*Available data*:
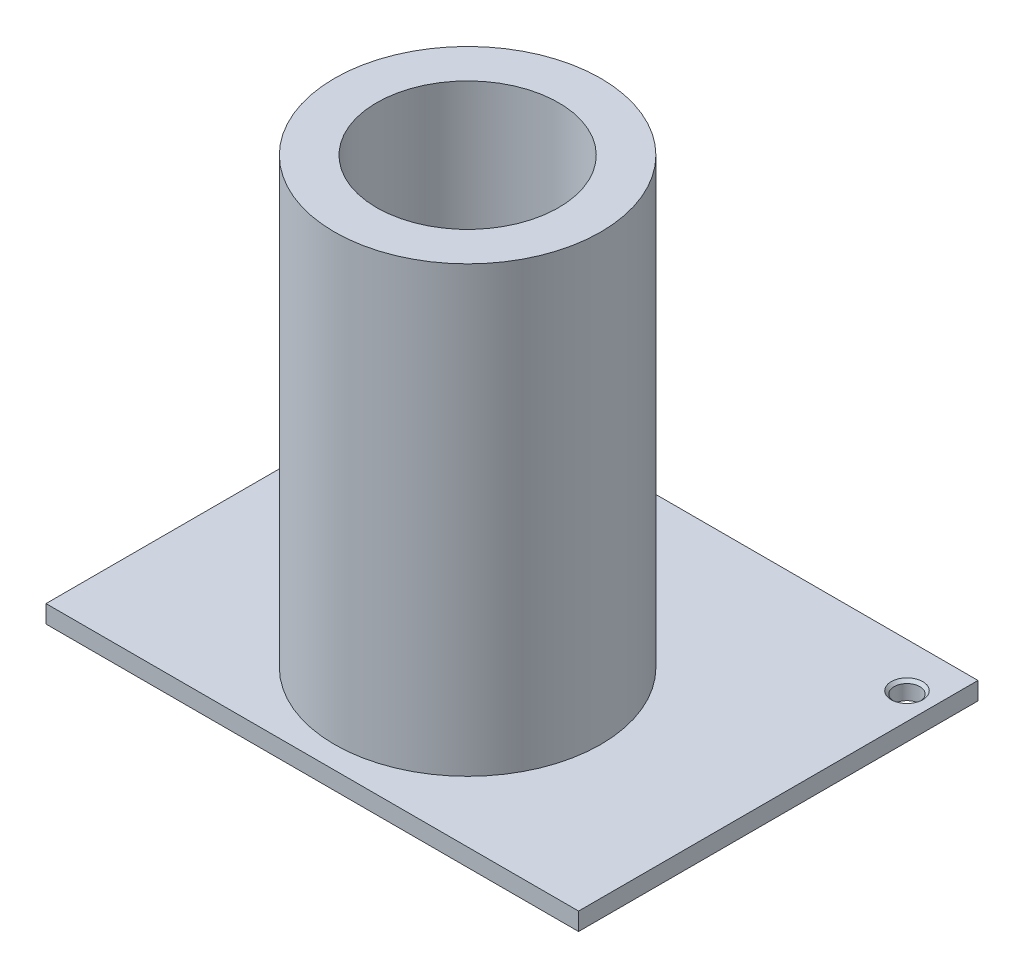
ISO-10303-21;
HEADER;
FILE_DESCRIPTION(('STEP AP214'),'2;1');
FILE_NAME('part.step','',(''),(''),'','','');
FILE_SCHEMA(('AUTOMOTIVE_DESIGN { 1 0 10303 214 1 1 1 1 }'));
ENDSEC;
DATA;
#1=APPLICATION_CONTEXT('core data for automotive mechanical design processes');
#2=APPLICATION_PROTOCOL_DEFINITION('international standard','automotive_design',2000,#1);
#3=PRODUCT_CONTEXT('',#1,'mechanical');
#4=PRODUCT('Part','Part','',(#3));
#5=PRODUCT_RELATED_PRODUCT_CATEGORY('part','',(#4));
#6=PRODUCT_DEFINITION_FORMATION('','',#4);
#7=PRODUCT_DEFINITION_CONTEXT('part definition',#1,'design');
#8=PRODUCT_DEFINITION('design','',#6,#7);
#9=PRODUCT_DEFINITION_SHAPE('','',#8);
#10=(LENGTH_UNIT() NAMED_UNIT(*) SI_UNIT(.MILLI.,.METRE.));
#11=(NAMED_UNIT(*) PLANE_ANGLE_UNIT() SI_UNIT($,.RADIAN.));
#12=(NAMED_UNIT(*) SI_UNIT($,.STERADIAN.) SOLID_ANGLE_UNIT());
#13=UNCERTAINTY_MEASURE_WITH_UNIT(LENGTH_MEASURE(1.E-05),#10,'distance_accuracy_value','');
#14=(GEOMETRIC_REPRESENTATION_CONTEXT(3) GLOBAL_UNCERTAINTY_ASSIGNED_CONTEXT((#13)) GLOBAL_UNIT_ASSIGNED_CONTEXT((#10,
#11,#12)) REPRESENTATION_CONTEXT('',''));
#15=CARTESIAN_POINT('',(0.,0.,0.));
#16=DIRECTION('',(0.,0.,1.));
#17=DIRECTION('',(1.,0.,0.));
#18=AXIS2_PLACEMENT_3D('',#15,#16,#17);
#19=CARTESIAN_POINT('',(0.,2.,-30.));
#20=DIRECTION('',(0.,0.,1.));
#21=DIRECTION('',(1.,0.,0.));
#22=AXIS2_PLACEMENT_3D('',#19,#20,#21);
#23=PLANE('',#22);
#24=DIRECTION('',(-1.,0.,0.));
#25=VECTOR('',#24,1.);
#26=CARTESIAN_POINT('',(0.,0.,-30.));
#27=LINE('',#26,#25);
#28=CARTESIAN_POINT('',(0.,0.,-30.));
#29=VERTEX_POINT('',#28);
#30=CARTESIAN_POINT('',(-60.,0.,-30.));
#31=VERTEX_POINT('',#30);
#32=EDGE_CURVE('E110',#29,#31,#27,.T.);
#33=ORIENTED_EDGE('',*,*,#32,.T.);
#34=DIRECTION('',(0.,-1.,0.));
#35=VECTOR('',#34,1.);
#36=CARTESIAN_POINT('',(-60.,2.,-30.));
#37=LINE('',#36,#35);
#38=CARTESIAN_POINT('',(-60.,2.,-30.));
#39=VERTEX_POINT('',#38);
#40=EDGE_CURVE('E51',#39,#31,#37,.T.);
#41=ORIENTED_EDGE('',*,*,#40,.F.);
#42=DIRECTION('',(-1.,0.,0.));
#43=VECTOR('',#42,1.);
#44=CARTESIAN_POINT('',(0.,2.,-30.));
#45=LINE('',#44,#43);
#46=CARTESIAN_POINT('',(0.,2.,-30.));
#47=VERTEX_POINT('',#46);
#48=EDGE_CURVE('E86',#47,#39,#45,.T.);
#49=ORIENTED_EDGE('',*,*,#48,.F.);
#50=DIRECTION('',(0.,-1.,0.));
#51=VECTOR('',#50,1.);
#52=CARTESIAN_POINT('',(0.,2.,-30.));
#53=LINE('',#52,#51);
#54=EDGE_CURVE('E109',#47,#29,#53,.T.);
#55=ORIENTED_EDGE('',*,*,#54,.T.);
#56=EDGE_LOOP('',(#33,#41,#49,#55));
#57=FACE_BOUND('',#56,.T.);
#58=ADVANCED_FACE('F43',(#57),#23,.F.);
#59=CARTESIAN_POINT('',(-60.,2.,0.));
#60=DIRECTION('',(-1.,0.,0.));
#61=DIRECTION('',(0.,0.,1.));
#62=AXIS2_PLACEMENT_3D('',#59,#60,#61);
#63=PLANE('',#62);
#64=DIRECTION('',(0.,0.,-1.));
#65=VECTOR('',#64,1.);
#66=CARTESIAN_POINT('',(-60.,0.,0.));
#67=LINE('',#66,#65);
#68=CARTESIAN_POINT('',(-60.,0.,15.));
#69=VERTEX_POINT('',#68);
#70=EDGE_CURVE('E97',#69,#31,#67,.T.);
#71=ORIENTED_EDGE('',*,*,#70,.F.);
#72=DIRECTION('',(0.,-1.,0.));
#73=VECTOR('',#72,1.);
#74=CARTESIAN_POINT('',(-60.,2.,15.));
#75=LINE('',#74,#73);
#76=CARTESIAN_POINT('',(-60.,2.,15.));
#77=VERTEX_POINT('',#76);
#78=EDGE_CURVE('E92',#77,#69,#75,.T.);
#79=ORIENTED_EDGE('',*,*,#78,.F.);
#80=DIRECTION('',(0.,0.,-1.));
#81=VECTOR('',#80,1.);
#82=CARTESIAN_POINT('',(-60.,2.,0.));
#83=LINE('',#82,#81);
#84=EDGE_CURVE('E95',#77,#39,#83,.T.);
#85=ORIENTED_EDGE('',*,*,#84,.T.);
#86=ORIENTED_EDGE('',*,*,#40,.T.);
#87=EDGE_LOOP('',(#71,#79,#85,#86));
#88=FACE_BOUND('',#87,.T.);
#89=ADVANCED_FACE('F94',(#88),#63,.T.);
#90=CARTESIAN_POINT('',(0.,2.,15.));
#91=DIRECTION('',(0.,0.,-1.));
#92=DIRECTION('',(-1.,0.,0.));
#93=AXIS2_PLACEMENT_3D('',#90,#91,#92);
#94=PLANE('',#93);
#95=DIRECTION('',(1.,0.,0.));
#96=VECTOR('',#95,1.);
#97=CARTESIAN_POINT('',(0.,0.,15.));
#98=LINE('',#97,#96);
#99=CARTESIAN_POINT('',(0.,0.,15.));
#100=VERTEX_POINT('',#99);
#101=EDGE_CURVE('E75',#69,#100,#98,.T.);
#102=ORIENTED_EDGE('',*,*,#101,.T.);
#103=DIRECTION('',(0.,-1.,0.));
#104=VECTOR('',#103,1.);
#105=CARTESIAN_POINT('',(0.,2.,15.));
#106=LINE('',#105,#104);
#107=CARTESIAN_POINT('',(0.,2.,15.));
#108=VERTEX_POINT('',#107);
#109=EDGE_CURVE('E98',#108,#100,#106,.T.);
#110=ORIENTED_EDGE('',*,*,#109,.F.);
#111=DIRECTION('',(1.,0.,0.));
#112=VECTOR('',#111,1.);
#113=CARTESIAN_POINT('',(0.,2.,15.));
#114=LINE('',#113,#112);
#115=EDGE_CURVE('E100',#77,#108,#114,.T.);
#116=ORIENTED_EDGE('',*,*,#115,.F.);
#117=ORIENTED_EDGE('',*,*,#78,.T.);
#118=EDGE_LOOP('',(#102,#110,#116,#117));
#119=FACE_BOUND('',#118,.T.);
#120=ADVANCED_FACE('F101',(#119),#94,.F.);
#121=CARTESIAN_POINT('',(0.,2.,0.));
#122=DIRECTION('',(-1.,0.,0.));
#123=DIRECTION('',(0.,0.,1.));
#124=AXIS2_PLACEMENT_3D('',#121,#122,#123);
#125=PLANE('',#124);
#126=DIRECTION('',(0.,0.,-1.));
#127=VECTOR('',#126,1.);
#128=CARTESIAN_POINT('',(0.,0.,0.));
#129=LINE('',#128,#127);
#130=EDGE_CURVE('E81',#100,#29,#129,.T.);
#131=ORIENTED_EDGE('',*,*,#130,.T.);
#132=ORIENTED_EDGE('',*,*,#54,.F.);
#133=DIRECTION('',(0.,0.,-1.));
#134=VECTOR('',#133,1.);
#135=CARTESIAN_POINT('',(0.,2.,0.));
#136=LINE('',#135,#134);
#137=EDGE_CURVE('E59',#108,#47,#136,.T.);
#138=ORIENTED_EDGE('',*,*,#137,.F.);
#139=ORIENTED_EDGE('',*,*,#109,.T.);
#140=EDGE_LOOP('',(#131,#132,#138,#139));
#141=FACE_BOUND('',#140,.T.);
#142=ADVANCED_FACE('F154',(#141),#125,.F.);
#143=CARTESIAN_POINT('',(0.,2.,0.));
#144=DIRECTION('',(0.,1.,0.));
#145=DIRECTION('',(0.,0.,1.));
#146=AXIS2_PLACEMENT_3D('',#143,#144,#145);
#147=PLANE('',#146);
#148=CARTESIAN_POINT('',(-30.,2.,-2.5));
#149=DIRECTION('',(0.,1.,0.));
#150=DIRECTION('',(0.,0.,1.));
#151=AXIS2_PLACEMENT_3D('',#148,#149,#150);
#152=CIRCLE('',#151,15.);
#153=CARTESIAN_POINT('',(-30.,2.,12.5));
#154=VERTEX_POINT('',#153);
#155=EDGE_CURVE('E331',#154,#154,#152,.T.);
#156=ORIENTED_EDGE('',*,*,#155,.F.);
#157=EDGE_LOOP('',(#156));
#158=FACE_BOUND('',#157,.T.);
#159=CARTESIAN_POINT('',(-3.,2.,-25.));
#160=DIRECTION('',(0.,1.,0.));
#161=DIRECTION('',(0.,0.,1.));
#162=AXIS2_PLACEMENT_3D('',#159,#160,#161);
#163=CIRCLE('',#162,1.775);
#164=CARTESIAN_POINT('',(-3.,2.,-23.225));
#165=VERTEX_POINT('',#164);
#166=EDGE_CURVE('E131',#165,#165,#163,.T.);
#167=ORIENTED_EDGE('',*,*,#166,.F.);
#168=EDGE_LOOP('',(#167));
#169=FACE_BOUND('',#168,.T.);
#170=CARTESIAN_POINT('',(-57.,2.,-25.));
#171=DIRECTION('',(0.,1.,0.));
#172=DIRECTION('',(0.,0.,1.));
#173=AXIS2_PLACEMENT_3D('',#170,#171,#172);
#174=CIRCLE('',#173,1.775);
#175=CARTESIAN_POINT('',(-57.,2.,-23.225));
#176=VERTEX_POINT('',#175);
#177=EDGE_CURVE('E124',#176,#176,#174,.T.);
#178=ORIENTED_EDGE('',*,*,#177,.F.);
#179=EDGE_LOOP('',(#178));
#180=FACE_BOUND('',#179,.T.);
#181=ORIENTED_EDGE('',*,*,#48,.T.);
#182=ORIENTED_EDGE('',*,*,#84,.F.);
#183=ORIENTED_EDGE('',*,*,#115,.T.);
#184=ORIENTED_EDGE('',*,*,#137,.T.);
#185=EDGE_LOOP('',(#181,#182,#183,#184));
#186=FACE_BOUND('',#185,.T.);
#187=ADVANCED_FACE('F103',(#158,#169,#180,#186),#147,.T.);
#188=CARTESIAN_POINT('',(0.,0.,0.));
#189=DIRECTION('',(0.,1.,0.));
#190=DIRECTION('',(0.,0.,1.));
#191=AXIS2_PLACEMENT_3D('',#188,#189,#190);
#192=PLANE('',#191);
#193=CARTESIAN_POINT('',(-3.,0.,-25.));
#194=DIRECTION('',(0.,1.,0.));
#195=DIRECTION('',(0.,0.,1.));
#196=AXIS2_PLACEMENT_3D('',#193,#194,#195);
#197=CIRCLE('',#196,1.45);
#198=CARTESIAN_POINT('',(-3.,0.,-23.55));
#199=VERTEX_POINT('',#198);
#200=EDGE_CURVE('E122',#199,#199,#197,.T.);
#201=ORIENTED_EDGE('',*,*,#200,.T.);
#202=EDGE_LOOP('',(#201));
#203=FACE_BOUND('',#202,.T.);
#204=CARTESIAN_POINT('',(-57.,0.,-25.));
#205=DIRECTION('',(0.,1.,0.));
#206=DIRECTION('',(0.,0.,1.));
#207=AXIS2_PLACEMENT_3D('',#204,#205,#206);
#208=CIRCLE('',#207,1.45);
#209=CARTESIAN_POINT('',(-57.,0.,-23.55));
#210=VERTEX_POINT('',#209);
#211=EDGE_CURVE('E113',#210,#210,#208,.T.);
#212=ORIENTED_EDGE('',*,*,#211,.T.);
#213=EDGE_LOOP('',(#212));
#214=FACE_BOUND('',#213,.T.);
#215=ORIENTED_EDGE('',*,*,#32,.F.);
#216=ORIENTED_EDGE('',*,*,#130,.F.);
#217=ORIENTED_EDGE('',*,*,#101,.F.);
#218=ORIENTED_EDGE('',*,*,#70,.T.);
#219=EDGE_LOOP('',(#215,#216,#217,#218));
#220=FACE_BOUND('',#219,.T.);
#221=ADVANCED_FACE('F153',(#203,#214,#220),#192,.F.);
#222=CARTESIAN_POINT('',(-57.,2.,-25.));
#223=DIRECTION('',(0.,1.,0.));
#224=DIRECTION('',(0.,0.,1.));
#225=AXIS2_PLACEMENT_3D('',#222,#223,#224);
#226=CYLINDRICAL_SURFACE('',#225,1.45);
#227=CARTESIAN_POINT('',(-57.,1.675,-25.));
#228=DIRECTION('',(0.,1.,0.));
#229=DIRECTION('',(0.,0.,1.));
#230=AXIS2_PLACEMENT_3D('',#227,#228,#229);
#231=CIRCLE('',#230,1.45);
#232=CARTESIAN_POINT('',(-57.,1.675,-23.55));
#233=VERTEX_POINT('',#232);
#234=EDGE_CURVE('E121',#233,#233,#231,.T.);
#235=ORIENTED_EDGE('',*,*,#234,.T.);
#236=EDGE_LOOP('',(#235));
#237=FACE_BOUND('',#236,.T.);
#238=ORIENTED_EDGE('',*,*,#211,.F.);
#239=EDGE_LOOP('',(#238));
#240=FACE_BOUND('',#239,.T.);
#241=ADVANCED_FACE('F142',(#237,#240),#226,.F.);
#242=CARTESIAN_POINT('',(-57.,2.,-25.));
#243=DIRECTION('',(0.,1.,0.));
#244=DIRECTION('',(0.,0.,1.));
#245=AXIS2_PLACEMENT_3D('',#242,#243,#244);
#246=CONICAL_SURFACE('',#245,1.775,0.785398163397446);
#247=ORIENTED_EDGE('',*,*,#234,.F.);
#248=EDGE_LOOP('',(#247));
#249=FACE_BOUND('',#248,.T.);
#250=ORIENTED_EDGE('',*,*,#177,.T.);
#251=EDGE_LOOP('',(#250));
#252=FACE_BOUND('',#251,.T.);
#253=ADVANCED_FACE('F145',(#249,#252),#246,.F.);
#254=CARTESIAN_POINT('',(-3.,2.,-25.));
#255=DIRECTION('',(0.,1.,0.));
#256=DIRECTION('',(0.,0.,1.));
#257=AXIS2_PLACEMENT_3D('',#254,#255,#256);
#258=CYLINDRICAL_SURFACE('',#257,1.45);
#259=CARTESIAN_POINT('',(-3.,1.675,-25.));
#260=DIRECTION('',(0.,1.,0.));
#261=DIRECTION('',(0.,0.,1.));
#262=AXIS2_PLACEMENT_3D('',#259,#260,#261);
#263=CIRCLE('',#262,1.45);
#264=CARTESIAN_POINT('',(-3.,1.675,-23.55));
#265=VERTEX_POINT('',#264);
#266=EDGE_CURVE('E125',#265,#265,#263,.T.);
#267=ORIENTED_EDGE('',*,*,#266,.T.);
#268=EDGE_LOOP('',(#267));
#269=FACE_BOUND('',#268,.T.);
#270=ORIENTED_EDGE('',*,*,#200,.F.);
#271=EDGE_LOOP('',(#270));
#272=FACE_BOUND('',#271,.T.);
#273=ADVANCED_FACE('F148',(#269,#272),#258,.F.);
#274=CARTESIAN_POINT('',(-3.,2.,-25.));
#275=DIRECTION('',(0.,1.,0.));
#276=DIRECTION('',(0.,0.,1.));
#277=AXIS2_PLACEMENT_3D('',#274,#275,#276);
#278=CONICAL_SURFACE('',#277,1.775,0.785398163397449);
#279=ORIENTED_EDGE('',*,*,#266,.F.);
#280=EDGE_LOOP('',(#279));
#281=FACE_BOUND('',#280,.T.);
#282=ORIENTED_EDGE('',*,*,#166,.T.);
#283=EDGE_LOOP('',(#282));
#284=FACE_BOUND('',#283,.T.);
#285=ADVANCED_FACE('F222',(#281,#284),#278,.F.);
#286=CARTESIAN_POINT('',(-30.,52.,-2.5));
#287=DIRECTION('',(0.,1.,0.));
#288=DIRECTION('',(0.,0.,1.));
#289=AXIS2_PLACEMENT_3D('',#286,#287,#288);
#290=PLANE('',#289);
#291=CARTESIAN_POINT('',(-30.,52.,-2.5));
#292=DIRECTION('',(0.,1.,0.));
#293=DIRECTION('',(0.,0.,1.));
#294=AXIS2_PLACEMENT_3D('',#291,#292,#293);
#295=CIRCLE('',#294,15.);
#296=CARTESIAN_POINT('',(-30.,52.,12.5));
#297=VERTEX_POINT('',#296);
#298=EDGE_CURVE('E136',#297,#297,#295,.T.);
#299=ORIENTED_EDGE('',*,*,#298,.T.);
#300=EDGE_LOOP('',(#299));
#301=FACE_BOUND('',#300,.T.);
#302=CARTESIAN_POINT('',(-30.,52.,-2.5));
#303=DIRECTION('',(0.,1.,0.));
#304=DIRECTION('',(0.,0.,1.));
#305=AXIS2_PLACEMENT_3D('',#302,#303,#304);
#306=CIRCLE('',#305,10.25);
#307=CARTESIAN_POINT('',(-30.,52.,7.75));
#308=VERTEX_POINT('',#307);
#309=EDGE_CURVE('E328',#308,#308,#306,.T.);
#310=ORIENTED_EDGE('',*,*,#309,.F.);
#311=EDGE_LOOP('',(#310));
#312=FACE_BOUND('',#311,.T.);
#313=ADVANCED_FACE('F231',(#301,#312),#290,.T.);
#314=CARTESIAN_POINT('',(-30.,52.,-2.5));
#315=DIRECTION('',(0.,-1.,0.));
#316=DIRECTION('',(0.,0.,-1.));
#317=AXIS2_PLACEMENT_3D('',#314,#315,#316);
#318=CYLINDRICAL_SURFACE('',#317,15.);
#319=ORIENTED_EDGE('',*,*,#298,.F.);
#320=EDGE_LOOP('',(#319));
#321=FACE_BOUND('',#320,.T.);
#322=ORIENTED_EDGE('',*,*,#155,.T.);
#323=EDGE_LOOP('',(#322));
#324=FACE_BOUND('',#323,.T.);
#325=ADVANCED_FACE('F248',(#321,#324),#318,.T.);
#326=CARTESIAN_POINT('',(-30.,52.,-2.5));
#327=DIRECTION('',(0.,-1.,0.));
#328=DIRECTION('',(0.,0.,-1.));
#329=AXIS2_PLACEMENT_3D('',#326,#327,#328);
#330=CYLINDRICAL_SURFACE('',#329,10.25);
#331=ORIENTED_EDGE('',*,*,#309,.T.);
#332=EDGE_LOOP('',(#331));
#333=FACE_BOUND('',#332,.T.);
#334=CARTESIAN_POINT('',(-30.,2.,-2.5));
#335=DIRECTION('',(0.,1.,0.));
#336=DIRECTION('',(0.,0.,1.));
#337=AXIS2_PLACEMENT_3D('',#334,#335,#336);
#338=CIRCLE('',#337,10.25);
#339=CARTESIAN_POINT('',(-30.,2.,7.75));
#340=VERTEX_POINT('',#339);
#341=EDGE_CURVE('E11',#340,#340,#338,.F.);
#342=ORIENTED_EDGE('',*,*,#341,.T.);
#343=EDGE_LOOP('',(#342));
#344=FACE_BOUND('',#343,.T.);
#345=ADVANCED_FACE('F168',(#333,#344),#330,.F.);
#346=ORIENTED_EDGE('',*,*,#341,.F.);
#347=EDGE_LOOP('',(#346));
#348=FACE_BOUND('',#347,.T.);
#349=ADVANCED_FACE('F157',(#348),#147,.T.);
#350=CLOSED_SHELL('',(#58,#89,#120,#142,#187,#221,#241,#253,#273,#285,#313,#325,#345,#349));
#351=MANIFOLD_SOLID_BREP('B2',#350);
#352=ADVANCED_BREP_SHAPE_REPRESENTATION('',(#18,#351),#14);
#353=SHAPE_DEFINITION_REPRESENTATION(#9,#352);
ENDSEC;
END-ISO-10303-21;

*Exercise requirements*: Restate word for word the lines running from the first line of the material to the line containing "#3=PRODUCT_CONTEXT('',#1,'mechanical');", inclusive, and drop every picture.

*Answer to this problem*:
ISO-10303-21;
HEADER;
FILE_DESCRIPTION(('STEP AP214'),'2;1');
FILE_NAME('part.step','',(''),(''),'','','');
FILE_SCHEMA(('AUTOMOTIVE_DESIGN { 1 0 10303 214 1 1 1 1 }'));
ENDSEC;
DATA;
#1=APPLICATION_CONTEXT('core data for automotive mechanical design processes');
#2=APPLICATION_PROTOCOL_DEFINITION('international standard','automotive_design',2000,#1);
#3=PRODUCT_CONTEXT('',#1,'mechanical');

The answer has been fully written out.